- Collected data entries
══════
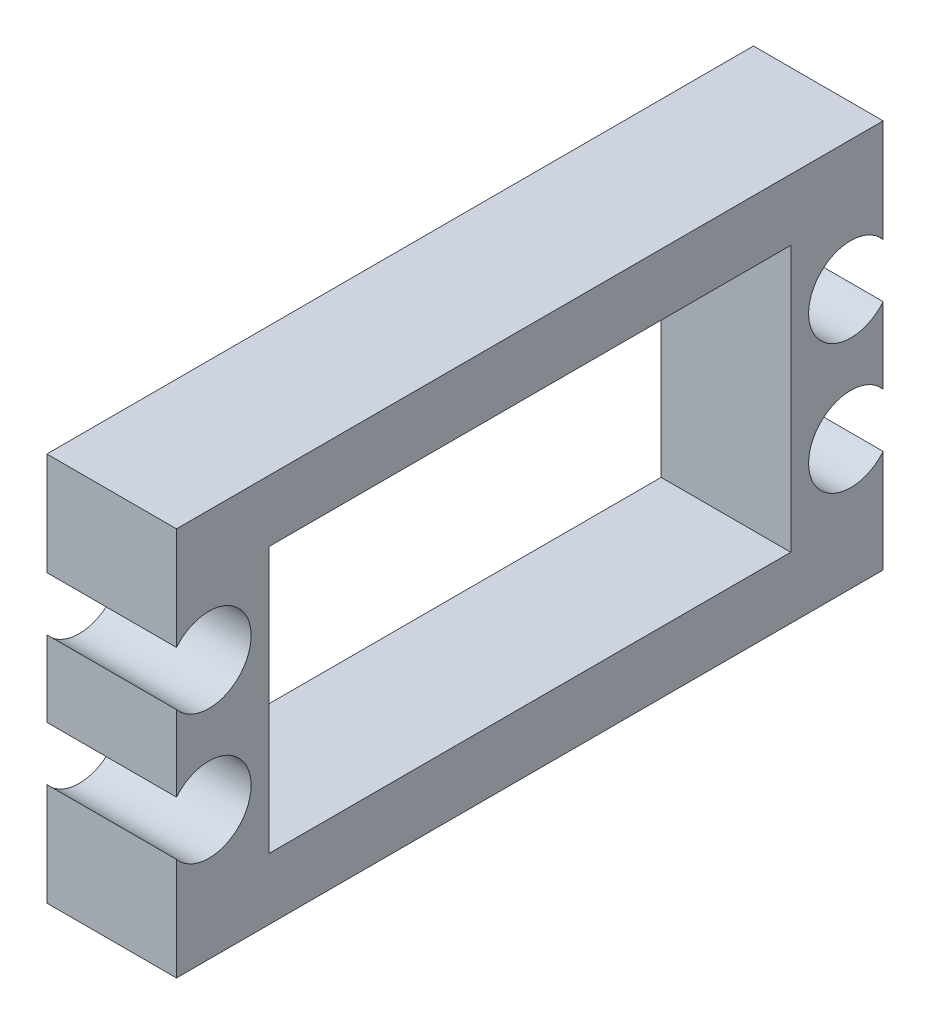
ISO-10303-21;
HEADER;
FILE_DESCRIPTION(('STEP AP214'),'2;1');
FILE_NAME('part.step','',(''),(''),'','','');
FILE_SCHEMA(('AUTOMOTIVE_DESIGN { 1 0 10303 214 1 1 1 1 }'));
ENDSEC;
DATA;
#1=APPLICATION_CONTEXT('core data for automotive mechanical design processes');
#2=APPLICATION_PROTOCOL_DEFINITION('international standard','automotive_design',2000,#1);
#3=PRODUCT_CONTEXT('',#1,'mechanical');
#4=PRODUCT('Part','Part','',(#3));
#5=PRODUCT_RELATED_PRODUCT_CATEGORY('part','',(#4));
#6=PRODUCT_DEFINITION_FORMATION('','',#4);
#7=PRODUCT_DEFINITION_CONTEXT('part definition',#1,'design');
#8=PRODUCT_DEFINITION('design','',#6,#7);
#9=PRODUCT_DEFINITION_SHAPE('','',#8);
#10=(LENGTH_UNIT() NAMED_UNIT(*) SI_UNIT(.MILLI.,.METRE.));
#11=(NAMED_UNIT(*) PLANE_ANGLE_UNIT() SI_UNIT($,.RADIAN.));
#12=(NAMED_UNIT(*) SI_UNIT($,.STERADIAN.) SOLID_ANGLE_UNIT());
#13=UNCERTAINTY_MEASURE_WITH_UNIT(LENGTH_MEASURE(1.E-05),#10,'distance_accuracy_value','');
#14=(GEOMETRIC_REPRESENTATION_CONTEXT(3) GLOBAL_UNCERTAINTY_ASSIGNED_CONTEXT((#13)) GLOBAL_UNIT_ASSIGNED_CONTEXT((#10,
#11,#12)) REPRESENTATION_CONTEXT('',''));
#15=CARTESIAN_POINT('',(0.,0.,0.));
#16=DIRECTION('',(0.,0.,1.));
#17=DIRECTION('',(1.,0.,0.));
#18=AXIS2_PLACEMENT_3D('',#15,#16,#17);
#19=CARTESIAN_POINT('',(10.,25.75,-27.25));
#20=DIRECTION('',(0.,0.,1.));
#21=DIRECTION('',(0.,-1.,0.));
#22=AXIS2_PLACEMENT_3D('',#19,#20,#21);
#23=PLANE('',#22);
#24=DIRECTION('',(0.,1.,0.));
#25=VECTOR('',#24,1.);
#26=CARTESIAN_POINT('',(0.,25.75,-27.25));
#27=LINE('',#26,#25);
#28=CARTESIAN_POINT('',(0.,-4.25000000000001,-27.25));
#29=VERTEX_POINT('',#28);
#30=CARTESIAN_POINT('',(0.,3.67334403427046,-27.25));
#31=VERTEX_POINT('',#30);
#32=EDGE_CURVE('E209',#29,#31,#27,.T.);
#33=ORIENTED_EDGE('',*,*,#32,.T.);
#34=DIRECTION('',(1.,0.,0.));
#35=VECTOR('',#34,1.);
#36=CARTESIAN_POINT('',(-10.,3.67334403427048,-27.25));
#37=LINE('',#36,#35);
#38=CARTESIAN_POINT('',(10.,3.67334403427046,-27.25));
#39=VERTEX_POINT('',#38);
#40=EDGE_CURVE('E11',#31,#39,#37,.T.);
#41=ORIENTED_EDGE('',*,*,#40,.T.);
#42=DIRECTION('',(0.,1.,0.));
#43=VECTOR('',#42,1.);
#44=CARTESIAN_POINT('',(10.,25.75,-27.25));
#45=LINE('',#44,#43);
#46=CARTESIAN_POINT('',(10.,-4.25000000000001,-27.25));
#47=VERTEX_POINT('',#46);
#48=EDGE_CURVE('E194',#47,#39,#45,.T.);
#49=ORIENTED_EDGE('',*,*,#48,.F.);
#50=DIRECTION('',(-1.,0.,0.));
#51=VECTOR('',#50,1.);
#52=CARTESIAN_POINT('',(10.,-4.25000000000001,-27.25));
#53=LINE('',#52,#51);
#54=EDGE_CURVE('E202',#47,#29,#53,.T.);
#55=ORIENTED_EDGE('',*,*,#54,.T.);
#56=EDGE_LOOP('',(#33,#41,#49,#55));
#57=FACE_BOUND('',#56,.T.);
#58=ADVANCED_FACE('F45',(#57),#23,.F.);
#59=CARTESIAN_POINT('',(10.,7.8266559657295,-27.25));
#60=VERTEX_POINT('',#59);
#61=CARTESIAN_POINT('',(10.,13.6733440342705,-27.25));
#62=VERTEX_POINT('',#61);
#63=EDGE_CURVE('E260',#60,#62,#45,.T.);
#64=ORIENTED_EDGE('',*,*,#63,.F.);
#65=DIRECTION('',(1.,0.,0.));
#66=VECTOR('',#65,1.);
#67=CARTESIAN_POINT('',(-10.,7.8266559657295,-27.25));
#68=LINE('',#67,#66);
#69=CARTESIAN_POINT('',(0.,7.82665596572949,-27.25));
#70=VERTEX_POINT('',#69);
#71=EDGE_CURVE('E54',#60,#70,#68,.F.);
#72=ORIENTED_EDGE('',*,*,#71,.T.);
#73=CARTESIAN_POINT('',(0.,13.6733440342705,-27.25));
#74=VERTEX_POINT('',#73);
#75=EDGE_CURVE('E214',#70,#74,#27,.T.);
#76=ORIENTED_EDGE('',*,*,#75,.T.);
#77=DIRECTION('',(1.,0.,0.));
#78=VECTOR('',#77,1.);
#79=CARTESIAN_POINT('',(-10.,13.6733440342705,-27.25));
#80=LINE('',#79,#78);
#81=EDGE_CURVE('E250',#74,#62,#80,.T.);
#82=ORIENTED_EDGE('',*,*,#81,.T.);
#83=EDGE_LOOP('',(#64,#72,#76,#82));
#84=FACE_BOUND('',#83,.T.);
#85=ADVANCED_FACE('F258',(#84),#23,.F.);
#86=CARTESIAN_POINT('',(10.,25.75,27.25));
#87=DIRECTION('',(0.,0.,-1.));
#88=DIRECTION('',(0.,1.,0.));
#89=AXIS2_PLACEMENT_3D('',#86,#87,#88);
#90=PLANE('',#89);
#91=DIRECTION('',(0.,-1.,0.));
#92=VECTOR('',#91,1.);
#93=CARTESIAN_POINT('',(0.,25.75,27.25));
#94=LINE('',#93,#92);
#95=CARTESIAN_POINT('',(0.,25.75,27.25));
#96=VERTEX_POINT('',#95);
#97=CARTESIAN_POINT('',(0.,17.8266559657295,27.25));
#98=VERTEX_POINT('',#97);
#99=EDGE_CURVE('E219',#96,#98,#94,.T.);
#100=ORIENTED_EDGE('',*,*,#99,.T.);
#101=DIRECTION('',(1.,0.,0.));
#102=VECTOR('',#101,1.);
#103=CARTESIAN_POINT('',(-10.,17.8266559657295,27.25));
#104=LINE('',#103,#102);
#105=CARTESIAN_POINT('',(10.,17.8266559657295,27.25));
#106=VERTEX_POINT('',#105);
#107=EDGE_CURVE('E243',#98,#106,#104,.T.);
#108=ORIENTED_EDGE('',*,*,#107,.T.);
#109=DIRECTION('',(0.,-1.,0.));
#110=VECTOR('',#109,1.);
#111=CARTESIAN_POINT('',(10.,25.75,27.25));
#112=LINE('',#111,#110);
#113=CARTESIAN_POINT('',(10.,25.75,27.25));
#114=VERTEX_POINT('',#113);
#115=EDGE_CURVE('E191',#114,#106,#112,.T.);
#116=ORIENTED_EDGE('',*,*,#115,.F.);
#117=DIRECTION('',(-1.,0.,0.));
#118=VECTOR('',#117,1.);
#119=CARTESIAN_POINT('',(10.,25.75,27.25));
#120=LINE('',#119,#118);
#121=EDGE_CURVE('E230',#114,#96,#120,.T.);
#122=ORIENTED_EDGE('',*,*,#121,.T.);
#123=EDGE_LOOP('',(#100,#108,#116,#122));
#124=FACE_BOUND('',#123,.T.);
#125=ADVANCED_FACE('F307',(#124),#90,.F.);
#126=CARTESIAN_POINT('',(10.,13.6733440342705,27.25));
#127=VERTEX_POINT('',#126);
#128=CARTESIAN_POINT('',(10.,7.8266559657295,27.25));
#129=VERTEX_POINT('',#128);
#130=EDGE_CURVE('E180',#127,#129,#112,.T.);
#131=ORIENTED_EDGE('',*,*,#130,.F.);
#132=DIRECTION('',(1.,0.,0.));
#133=VECTOR('',#132,1.);
#134=CARTESIAN_POINT('',(-10.,13.6733440342705,27.25));
#135=LINE('',#134,#133);
#136=CARTESIAN_POINT('',(0.,13.6733440342705,27.25));
#137=VERTEX_POINT('',#136);
#138=EDGE_CURVE('E239',#127,#137,#135,.F.);
#139=ORIENTED_EDGE('',*,*,#138,.T.);
#140=CARTESIAN_POINT('',(0.,7.8266559657295,27.25));
#141=VERTEX_POINT('',#140);
#142=EDGE_CURVE('E224',#137,#141,#94,.T.);
#143=ORIENTED_EDGE('',*,*,#142,.T.);
#144=DIRECTION('',(1.,0.,0.));
#145=VECTOR('',#144,1.);
#146=CARTESIAN_POINT('',(-10.,7.82665596572951,27.25));
#147=LINE('',#146,#145);
#148=EDGE_CURVE('E169',#141,#129,#147,.T.);
#149=ORIENTED_EDGE('',*,*,#148,.T.);
#150=EDGE_LOOP('',(#131,#139,#143,#149));
#151=FACE_BOUND('',#150,.T.);
#152=ADVANCED_FACE('F311',(#151),#90,.F.);
#153=CARTESIAN_POINT('',(10.,0.,0.));
#154=DIRECTION('',(1.,0.,0.));
#155=DIRECTION('',(0.,0.,-1.));
#156=AXIS2_PLACEMENT_3D('',#153,#154,#155);
#157=PLANE('',#156);
#158=CARTESIAN_POINT('',(10.,15.75,24.75));
#159=DIRECTION('',(1.,0.,0.));
#160=DIRECTION('',(0.,0.,-1.));
#161=AXIS2_PLACEMENT_3D('',#158,#159,#160);
#162=CIRCLE('',#161,3.25);
#163=EDGE_CURVE('E453',#127,#106,#162,.T.);
#164=ORIENTED_EDGE('',*,*,#163,.F.);
#165=ORIENTED_EDGE('',*,*,#130,.T.);
#166=CARTESIAN_POINT('',(10.,5.74999999999999,24.75));
#167=DIRECTION('',(1.,0.,0.));
#168=DIRECTION('',(0.,0.,1.));
#169=AXIS2_PLACEMENT_3D('',#166,#167,#168);
#170=CIRCLE('',#169,3.25);
#171=CARTESIAN_POINT('',(10.,3.67334403427046,27.25));
#172=VERTEX_POINT('',#171);
#173=EDGE_CURVE('E161',#172,#129,#170,.T.);
#174=ORIENTED_EDGE('',*,*,#173,.F.);
#175=CARTESIAN_POINT('',(10.,-4.25000000000001,27.25));
#176=VERTEX_POINT('',#175);
#177=EDGE_CURVE('E177',#172,#176,#112,.T.);
#178=ORIENTED_EDGE('',*,*,#177,.T.);
#179=DIRECTION('',(0.,0.,-1.));
#180=VECTOR('',#179,1.);
#181=CARTESIAN_POINT('',(10.,-4.25000000000001,27.25));
#182=LINE('',#181,#180);
#183=EDGE_CURVE('E199',#176,#47,#182,.T.);
#184=ORIENTED_EDGE('',*,*,#183,.T.);
#185=ORIENTED_EDGE('',*,*,#48,.T.);
#186=CARTESIAN_POINT('',(10.,5.74999999999999,-24.75));
#187=DIRECTION('',(1.,0.,0.));
#188=DIRECTION('',(0.,0.,-1.));
#189=AXIS2_PLACEMENT_3D('',#186,#187,#188);
#190=CIRCLE('',#189,3.25);
#191=EDGE_CURVE('E182',#60,#39,#190,.T.);
#192=ORIENTED_EDGE('',*,*,#191,.F.);
#193=ORIENTED_EDGE('',*,*,#63,.T.);
#194=CARTESIAN_POINT('',(10.,15.75,-24.75));
#195=DIRECTION('',(1.,0.,0.));
#196=DIRECTION('',(0.,0.,1.));
#197=AXIS2_PLACEMENT_3D('',#194,#195,#196);
#198=CIRCLE('',#197,3.25);
#199=CARTESIAN_POINT('',(10.,17.8266559657295,-27.25));
#200=VERTEX_POINT('',#199);
#201=EDGE_CURVE('E294',#200,#62,#198,.T.);
#202=ORIENTED_EDGE('',*,*,#201,.F.);
#203=CARTESIAN_POINT('',(10.,25.75,-27.25));
#204=VERTEX_POINT('',#203);
#205=EDGE_CURVE('E226',#200,#204,#45,.T.);
#206=ORIENTED_EDGE('',*,*,#205,.T.);
#207=DIRECTION('',(0.,0.,1.));
#208=VECTOR('',#207,1.);
#209=CARTESIAN_POINT('',(10.,25.75,27.25));
#210=LINE('',#209,#208);
#211=EDGE_CURVE('E189',#204,#114,#210,.T.);
#212=ORIENTED_EDGE('',*,*,#211,.T.);
#213=ORIENTED_EDGE('',*,*,#115,.T.);
#214=EDGE_LOOP('',(#164,#165,#174,#178,#184,#185,#192,#193,#202,#206,#212,#213));
#215=FACE_BOUND('',#214,.T.);
#216=DIRECTION('',(0.,0.,-1.));
#217=VECTOR('',#216,1.);
#218=CARTESIAN_POINT('',(10.,0.499999999999985,20.125));
#219=LINE('',#218,#217);
#220=CARTESIAN_POINT('',(10.,0.499999999999985,20.125));
#221=VERTEX_POINT('',#220);
#222=CARTESIAN_POINT('',(10.,0.499999999999985,-20.125));
#223=VERTEX_POINT('',#222);
#224=EDGE_CURVE('E476',#221,#223,#219,.T.);
#225=ORIENTED_EDGE('',*,*,#224,.F.);
#226=DIRECTION('',(0.,-1.,0.));
#227=VECTOR('',#226,1.);
#228=CARTESIAN_POINT('',(10.,21.,20.125));
#229=LINE('',#228,#227);
#230=CARTESIAN_POINT('',(10.,21.,20.125));
#231=VERTEX_POINT('',#230);
#232=EDGE_CURVE('E473',#231,#221,#229,.T.);
#233=ORIENTED_EDGE('',*,*,#232,.F.);
#234=DIRECTION('',(0.,0.,1.));
#235=VECTOR('',#234,1.);
#236=CARTESIAN_POINT('',(10.,21.,20.125));
#237=LINE('',#236,#235);
#238=CARTESIAN_POINT('',(10.,21.,-20.125));
#239=VERTEX_POINT('',#238);
#240=EDGE_CURVE('E484',#239,#231,#237,.T.);
#241=ORIENTED_EDGE('',*,*,#240,.F.);
#242=DIRECTION('',(0.,1.,0.));
#243=VECTOR('',#242,1.);
#244=CARTESIAN_POINT('',(10.,21.,-20.125));
#245=LINE('',#244,#243);
#246=EDGE_CURVE('E480',#223,#239,#245,.T.);
#247=ORIENTED_EDGE('',*,*,#246,.F.);
#248=EDGE_LOOP('',(#225,#233,#241,#247));
#249=FACE_BOUND('',#248,.T.);
#250=ADVANCED_FACE('F175',(#215,#249),#157,.T.);
#251=CARTESIAN_POINT('',(0.,0.,0.));
#252=DIRECTION('',(1.,0.,0.));
#253=DIRECTION('',(0.,0.,-1.));
#254=AXIS2_PLACEMENT_3D('',#251,#252,#253);
#255=PLANE('',#254);
#256=ORIENTED_EDGE('',*,*,#142,.F.);
#257=CARTESIAN_POINT('',(0.,15.75,24.75));
#258=DIRECTION('',(1.,0.,0.));
#259=DIRECTION('',(0.,0.,-1.));
#260=AXIS2_PLACEMENT_3D('',#257,#258,#259);
#261=CIRCLE('',#260,3.25);
#262=EDGE_CURVE('E455',#137,#98,#261,.T.);
#263=ORIENTED_EDGE('',*,*,#262,.T.);
#264=ORIENTED_EDGE('',*,*,#99,.F.);
#265=DIRECTION('',(0.,0.,1.));
#266=VECTOR('',#265,1.);
#267=CARTESIAN_POINT('',(0.,25.75,27.25));
#268=LINE('',#267,#266);
#269=CARTESIAN_POINT('',(0.,25.75,-27.25));
#270=VERTEX_POINT('',#269);
#271=EDGE_CURVE('E213',#270,#96,#268,.T.);
#272=ORIENTED_EDGE('',*,*,#271,.F.);
#273=CARTESIAN_POINT('',(0.,17.8266559657295,-27.25));
#274=VERTEX_POINT('',#273);
#275=EDGE_CURVE('E215',#274,#270,#27,.T.);
#276=ORIENTED_EDGE('',*,*,#275,.F.);
#277=CARTESIAN_POINT('',(0.,15.75,-24.75));
#278=DIRECTION('',(1.,0.,0.));
#279=DIRECTION('',(0.,0.,-1.));
#280=AXIS2_PLACEMENT_3D('',#277,#278,#279);
#281=CIRCLE('',#280,3.25);
#282=EDGE_CURVE('E61',#274,#74,#281,.T.);
#283=ORIENTED_EDGE('',*,*,#282,.T.);
#284=ORIENTED_EDGE('',*,*,#75,.F.);
#285=CARTESIAN_POINT('',(0.,5.74999999999999,-24.75));
#286=DIRECTION('',(1.,0.,0.));
#287=DIRECTION('',(0.,0.,-1.));
#288=AXIS2_PLACEMENT_3D('',#285,#286,#287);
#289=CIRCLE('',#288,3.25);
#290=EDGE_CURVE('E69',#70,#31,#289,.T.);
#291=ORIENTED_EDGE('',*,*,#290,.T.);
#292=ORIENTED_EDGE('',*,*,#32,.F.);
#293=DIRECTION('',(0.,0.,-1.));
#294=VECTOR('',#293,1.);
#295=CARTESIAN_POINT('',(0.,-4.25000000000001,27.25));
══════
What is needed is a verbatim copy of every line in the records above from the one containing "#76=ORIENTED_EDGE('',*,*,#75,.T.);" down to the one containing "#87=DIRECTION('',(0.,0.,-1.));", both included, and nothing more.

#76=ORIENTED_EDGE('',*,*,#75,.T.);
#77=DIRECTION('',(1.,0.,0.));
#78=VECTOR('',#77,1.);
#79=CARTESIAN_POINT('',(-10.,13.6733440342705,-27.25));
#80=LINE('',#79,#78);
#81=EDGE_CURVE('E250',#74,#62,#80,.T.);
#82=ORIENTED_EDGE('',*,*,#81,.T.);
#83=EDGE_LOOP('',(#64,#72,#76,#82));
#84=FACE_BOUND('',#83,.T.);
#85=ADVANCED_FACE('F258',(#84),#23,.F.);
#86=CARTESIAN_POINT('',(10.,25.75,27.25));
#87=DIRECTION('',(0.,0.,-1.));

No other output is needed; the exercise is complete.